Some forethought is required in that when you create your anchor tags you will need to include one more attribute into each anchor you want to check with the anchor verifier program. We'll call this attribute "scan". So your anchor tag could look like this:

<a scan href="https://somewebsite.com">text</a>

The reason for this "scan" attribute is that there could be certain anchor tags you do not want to verify, and so by leaving out the "scan" attribute they will be bypassed.

[[ How could you alter the program to find all anchor tags? ]]

When you run with the "print" option ancver will output request status codes with descriptions in the console. Many status codes other than 200 will occur because of website security and the fact that our requests are not made from a browser! So these are assumed to be OK and they'll be printed out with the code and message. Errors will appear in red for cases where there was no return code indicating a definite problem with the URL.

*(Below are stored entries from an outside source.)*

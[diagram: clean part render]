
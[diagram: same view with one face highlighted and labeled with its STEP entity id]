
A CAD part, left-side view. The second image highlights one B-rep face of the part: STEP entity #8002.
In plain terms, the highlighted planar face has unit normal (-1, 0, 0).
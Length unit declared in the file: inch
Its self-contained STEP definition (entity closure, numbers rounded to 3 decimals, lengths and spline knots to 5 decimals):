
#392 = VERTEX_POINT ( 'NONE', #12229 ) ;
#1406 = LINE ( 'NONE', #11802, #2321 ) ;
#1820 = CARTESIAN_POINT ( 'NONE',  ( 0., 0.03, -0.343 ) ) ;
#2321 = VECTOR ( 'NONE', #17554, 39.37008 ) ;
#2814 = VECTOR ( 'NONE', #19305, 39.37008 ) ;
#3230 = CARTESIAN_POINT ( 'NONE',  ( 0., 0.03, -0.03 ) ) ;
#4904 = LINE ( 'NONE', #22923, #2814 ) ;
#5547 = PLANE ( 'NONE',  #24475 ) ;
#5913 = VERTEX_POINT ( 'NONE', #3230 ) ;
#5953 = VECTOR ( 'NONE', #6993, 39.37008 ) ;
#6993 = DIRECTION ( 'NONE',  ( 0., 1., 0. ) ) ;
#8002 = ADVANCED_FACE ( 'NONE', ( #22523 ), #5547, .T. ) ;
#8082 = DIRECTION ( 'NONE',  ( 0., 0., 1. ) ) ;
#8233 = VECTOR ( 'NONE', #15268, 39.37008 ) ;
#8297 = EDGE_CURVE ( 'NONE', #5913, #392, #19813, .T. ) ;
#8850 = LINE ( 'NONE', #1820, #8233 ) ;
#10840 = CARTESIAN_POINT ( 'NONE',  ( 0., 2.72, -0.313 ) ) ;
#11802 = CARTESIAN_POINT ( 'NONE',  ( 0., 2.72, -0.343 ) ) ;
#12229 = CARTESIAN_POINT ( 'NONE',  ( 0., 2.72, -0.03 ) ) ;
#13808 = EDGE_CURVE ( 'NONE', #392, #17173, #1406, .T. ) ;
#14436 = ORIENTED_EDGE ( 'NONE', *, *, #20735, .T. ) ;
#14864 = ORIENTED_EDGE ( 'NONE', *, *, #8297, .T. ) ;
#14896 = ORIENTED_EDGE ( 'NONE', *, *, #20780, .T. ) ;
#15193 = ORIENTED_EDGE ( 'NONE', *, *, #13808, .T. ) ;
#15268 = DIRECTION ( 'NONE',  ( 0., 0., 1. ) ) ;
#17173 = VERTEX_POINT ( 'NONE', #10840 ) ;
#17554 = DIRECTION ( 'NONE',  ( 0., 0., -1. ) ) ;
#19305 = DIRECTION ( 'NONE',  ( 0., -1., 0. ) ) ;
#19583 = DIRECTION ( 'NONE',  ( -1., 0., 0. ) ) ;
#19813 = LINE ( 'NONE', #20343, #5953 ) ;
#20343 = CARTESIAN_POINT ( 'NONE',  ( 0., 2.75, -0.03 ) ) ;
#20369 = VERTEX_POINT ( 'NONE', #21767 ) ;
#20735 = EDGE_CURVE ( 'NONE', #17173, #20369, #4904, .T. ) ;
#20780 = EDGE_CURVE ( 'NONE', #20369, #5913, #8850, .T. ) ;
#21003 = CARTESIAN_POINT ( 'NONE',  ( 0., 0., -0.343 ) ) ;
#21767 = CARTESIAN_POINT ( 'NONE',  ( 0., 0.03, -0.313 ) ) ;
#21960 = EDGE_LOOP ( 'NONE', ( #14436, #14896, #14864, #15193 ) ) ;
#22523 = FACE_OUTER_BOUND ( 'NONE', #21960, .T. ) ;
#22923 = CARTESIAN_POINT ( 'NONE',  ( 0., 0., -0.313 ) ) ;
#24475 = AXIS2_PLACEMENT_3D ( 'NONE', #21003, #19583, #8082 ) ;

The "try" option is the same as the "print" option; however, URLs that do not return a status code will also be opened in a separate tab in your default browser.

If you run the program with the "open" option, then each URL is opened in a separate tab in your default browser. Nothing is reported in the terminal.

Running the program:

python3 ancver.py https://yourwebpage.xxx {print | try | open}

Here is a portion of the page being tested:

<body>
<h1>Ahoy Pythonistas!</h1>
<a scan href="https://google.com">Google</a>
<a scan href="https://faceboo.com">Facebook</a>
<a scan href="https://amazon.com/customerx/">Amazon</a>
<a scan href="https://apple.com">Apple</a>
<a href="my.pdf">My PDF file</a>
<a scan href="https://microsoft.com/news">microsoft</a>
</body>

Here is the output:

$> python3 ancver.py https://somesite.com/test print
200
----------
https://google.com
301 Moved Permanently
----------
https://facebooky.com
request failed: invalid URL?, or try URL in browser.
----------
https://amazon.com/frodo/
301 Moved Permanently
----------
https://apple.com
301 Moved Permanently
----------
https://microsoft.com/news
301 Moved Permanently

Found 1 errors.

Not every error (red message) is always an error (but most are.) Therefore, it is always recomended to manually test the suspect URL in your browser before correcting or deleting it.

In Conclusion:
If you can find a way to include a 'scan' attribute into your anchor/href tags, then, with this program, you can save lots of time verifying the integrity of your website's links.

Also, you may want to dig deeper into both BeautifulSoup and the requests libraries. They are powerful tools with many applications.